We now turn to the question whether the reservation of a right to appeal contained within the remittitur destroys the right to appeal. We believe that a litigant’s right to appeal and the obligations of this court to review a remittitur suggestion outweigh any confusion that may be caused by the remitting party’s reservation of rights. The party including such a reservation has stated nothing more than the obvious, that is, that he has a right to appeal the judgment. As long as the remitting party makes it clear to the court of appeals that he is accepting the suggestion of remittitur and the consequent reformation of the judgment, additional language reserving the right to appeal amounts to mere surplusage. Accordingly, we hold that a reservation of the right to appeal contained in an otherwise valid remittitur does not amount to a rejection of the remit-titur.

Our final inquiry focuses on the standard used by the court of appeals in this case to arrive at the remittitur. As we have stated, the standard is factual sufficiency. Larson, 730 S.W.2d at 641. To enable this court to determine whether the standard has been properly applied, the court of appeals is obligated to detail and analyze the evidence. See Pool, 715 S.W.2d at 633-35 (Tex.1986). In this case, the court of appeals has dutifully accomplished the task of analyzing the evidence. We are thus able to conclude that the court of appeals applied the proper standard in arriving at the remittitur.

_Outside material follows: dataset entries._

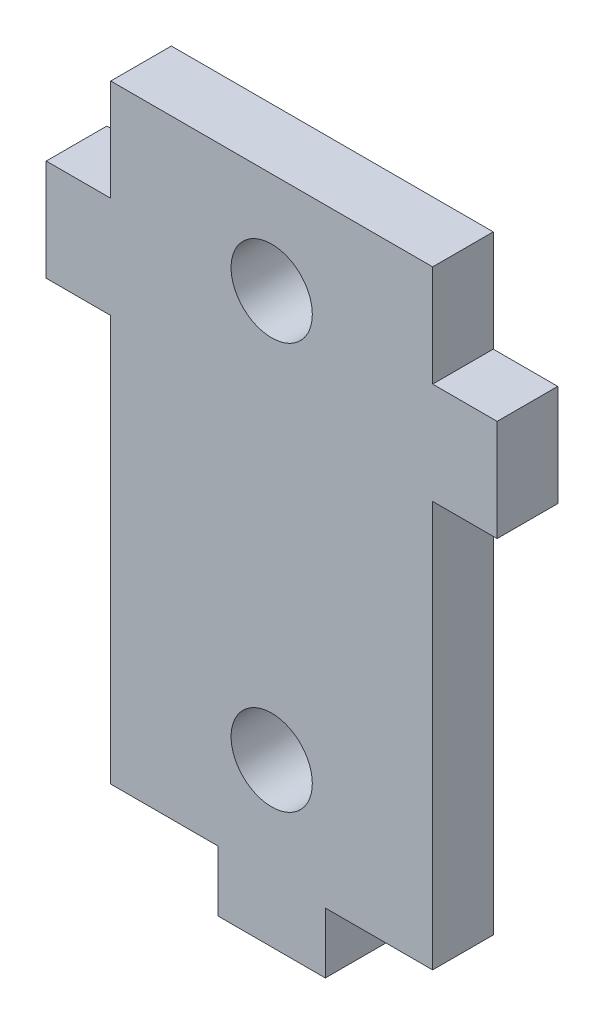
SolidWorks part; units mm, degrees
ref_plane "Front Plane" through (0, 0, 0) normal (0, 0, 1) x (1, 0, 0)
ref_plane "Top Plane" through (0, 0, 0) normal (0, 1, 0) x (1, 0, 0)
ref_plane "Right Plane" through (0, 0, 0) normal (1, 0, 0) x (0, 0, -1)
sketch "Sketch1" plane through (0, 0, 0) normal (0, 0, 1) x (1, 0, 0)
  line L0 (5.2833, 59.959) -> (5.2833, 0) construction
  line L1 (0, 0) -> (10.5667, 0) construction
  line L2 (-2.2167, 18.9845) -> (-2.2167, 59.959)
  line L3 (-2.2167, 59.959) -> (12.7833, 59.959)
  line L4 (12.7833, 18.9845) -> (12.7833, 59.959)
  line L5 (5.2833, 49.9795) -> (5.2833, 59.959) construction
  line L6 (5.2833, 9.9795) -> (5.2833, 0) construction
  line L7 (12.7833, 18.9845) -> (21.1333, 0)
  line L8 (21.1333, 0) -> (10.5667, 0)
  line L9 (-2.2167, 18.9845) -> (-10.5667, 0)
  line L10 (-10.5667, 0) -> (0, 0)
  line L11 (10.5667, 0) -> (10.5667, -5.969)
  line L12 (10.5667, -5.969) -> (0, -5.969)
  line L13 (0, -5.969) -> (0, 0)
  circle A0 centre (5.2833, 49.9795) radius 4
  circle A1 centre (5.2833, 9.9795) radius 4
  dimension "D3" = 40
  dimension "D4" = 8
  dimension "D1" = 60
  dimension "D2" = 15
  dimension "D5" = 10.5667
  dimension "D6" = 5.969
  dimension "D7" = 18.9845
extrude "Boss-Extrude1" add sketch "Sketch1" along normal blind 5.969
sketch "Sketch4" plane through (0, 0, 0) normal (0, 0, -1) x (-1, 0, 0)
  line L0 (2.2167, 59.959) -> (2.2167, 18.9845) construction
  line L1 (2.2167, 49.959) -> (16.9167, 49.959)
  line L2 (2.2167, 49.959) -> (2.2167, 39.959)
  line L3 (2.2167, 39.959) -> (16.9167, 39.959)
  line L4 (16.9167, 49.959) -> (16.9167, 39.959)
  line L5 (2.2167, 49.959) -> (16.9167, 39.959) construction
  line L6 (2.2167, 39.959) -> (16.9167, 49.959) construction
  line L7 (-12.7833, 18.9845) -> (-12.7833, 59.959) construction
  line L8 (-12.7833, 49.959) -> (-27.4833, 49.959)
  line L9 (-12.7833, 49.959) -> (-12.7833, 39.959)
  line L10 (-12.7833, 39.959) -> (-27.4833, 39.959)
  line L11 (-27.4833, 49.959) -> (-27.4833, 39.959)
  line L12 (-12.7833, 49.959) -> (-27.4833, 39.959) construction
  line L13 (-12.7833, 39.959) -> (-27.4833, 49.959) construction
  line L14 (-5.2833, -5.969) -> (-5.2833, 59.959) construction
  line L15 (0, -5.969) -> (-10.5667, -5.969) construction
  line L16 (-12.7833, 59.959) -> (2.2167, 59.959) construction
  point P4 (9.5667, 44.959)
  point P11 (-20.1333, 44.959)
  dimension "D1" = 22.2
  dimension "D2" = 10
  dimension "D3" = 10
extrude "Boss-Extrude4" add sketch "Sketch4" against normal blind 5.969
sketch "Sketch5" plane through (0, 0, 5.969) normal (0, 0, 1) x (1, 0, 0)
  line L0 (-10.5667, 0) -> (-10.5667, 59.959)
  line L1 (-10.5667, 59.959) -> (21.1333, 59.959)
  line L2 (21.1333, 59.959) -> (21.1333, 0)
  line L3 (21.1333, 0) -> (-10.5667, 0)
  line L4 (12.7833, 59.959) -> (-2.2167, 59.959) construction
  line L5 (12.7833, 18.9845) -> (12.7833, 39.959) construction
  line L6 (-2.2167, 59.959) -> (12.7833, 59.959)
  line L7 (-2.2167, 59.959) -> (-2.2167, 0)
  line L8 (-2.2167, 0) -> (12.7833, 0)
  line L9 (12.7833, 59.959) -> (12.7833, 0)
  line M6 (21.1333, 0) -> (12.7833, 18.9845)
  line M7 (12.7833, 18.9845) -> (12.7833, 39.959)
  line M8 (12.7833, 39.959) -> (27.4833, 39.959)
  line M10 (27.4833, 49.959) -> (12.7833, 49.959)
  line M11 (12.7833, 49.959) -> (12.7833, 59.959)
  line M13 (-2.2167, 59.959) -> (-2.2167, 49.959)
  line M14 (-2.2167, 49.959) -> (-16.9167, 49.959)
  line M16 (-16.9167, 39.959) -> (-2.2167, 39.959)
  line M17 (-2.2167, 39.959) -> (-2.2167, 18.9845)
  line M18 (-2.2167, 18.9845) -> (-10.5667, 0)
extrude "Boss-Extrude6" add sketch "Sketch5" against normal up to surface (5.969 mm away) contours L2 L1 M11 M10 | L2 M8 M7 M6 | L0 M18 M17 M16 | L1 L0 M14 M13 up to face at (9.2833, 49.9795, 0)

In conclusion, we hold that the damages provisions of the Medical Liability Act are constitutional when applied to wrongful death actions. We hold that damages under the damages cap provisions are to be calculated on a “per defendant” basis. And finally, we hold that a reservation of rights in a remittitur filed in a court of appeals does not deprive a remitting party of the right to appeal. The judgment of the court of appeals is reversed insofar as it remands for a new trial and affirmed in all other respects. Judgment is rendered for the Roses in accordance with this opinion.

PHILLIPS, C.J., and DOGGETT, J., dissent joined by RAY and MAUZY, JJ.

. The court of appeals reversed the trial court's judgment notwithstanding the verdict and rendered judgment for the Roses subject to suggested remittiturs. The Roses filed remittiturs in the amounts suggested by the court, but they reserved the right to complain of having been erroneously required to do so.

Doctors Hospital then filed a motion for rehearing complaining of the court of appeals' reversal and rendition; the hospital claimed the court of appeals should have remanded for a new trial since the remittiturs had been conditionally filed. The court of appeals agreed, and wrote an unpublished opinion which remanded the cause for a new trial.

The Roses and the hospital filed applications for writ of error complaining of all opinions written by the court of appeals. Our opinion in this case addresses the issues in all court of appeals opinions.

. We do not address the applicability of this damages calculation to the comparative negligence situation. This case does not involve a situation in which any defendant is less than completely liable.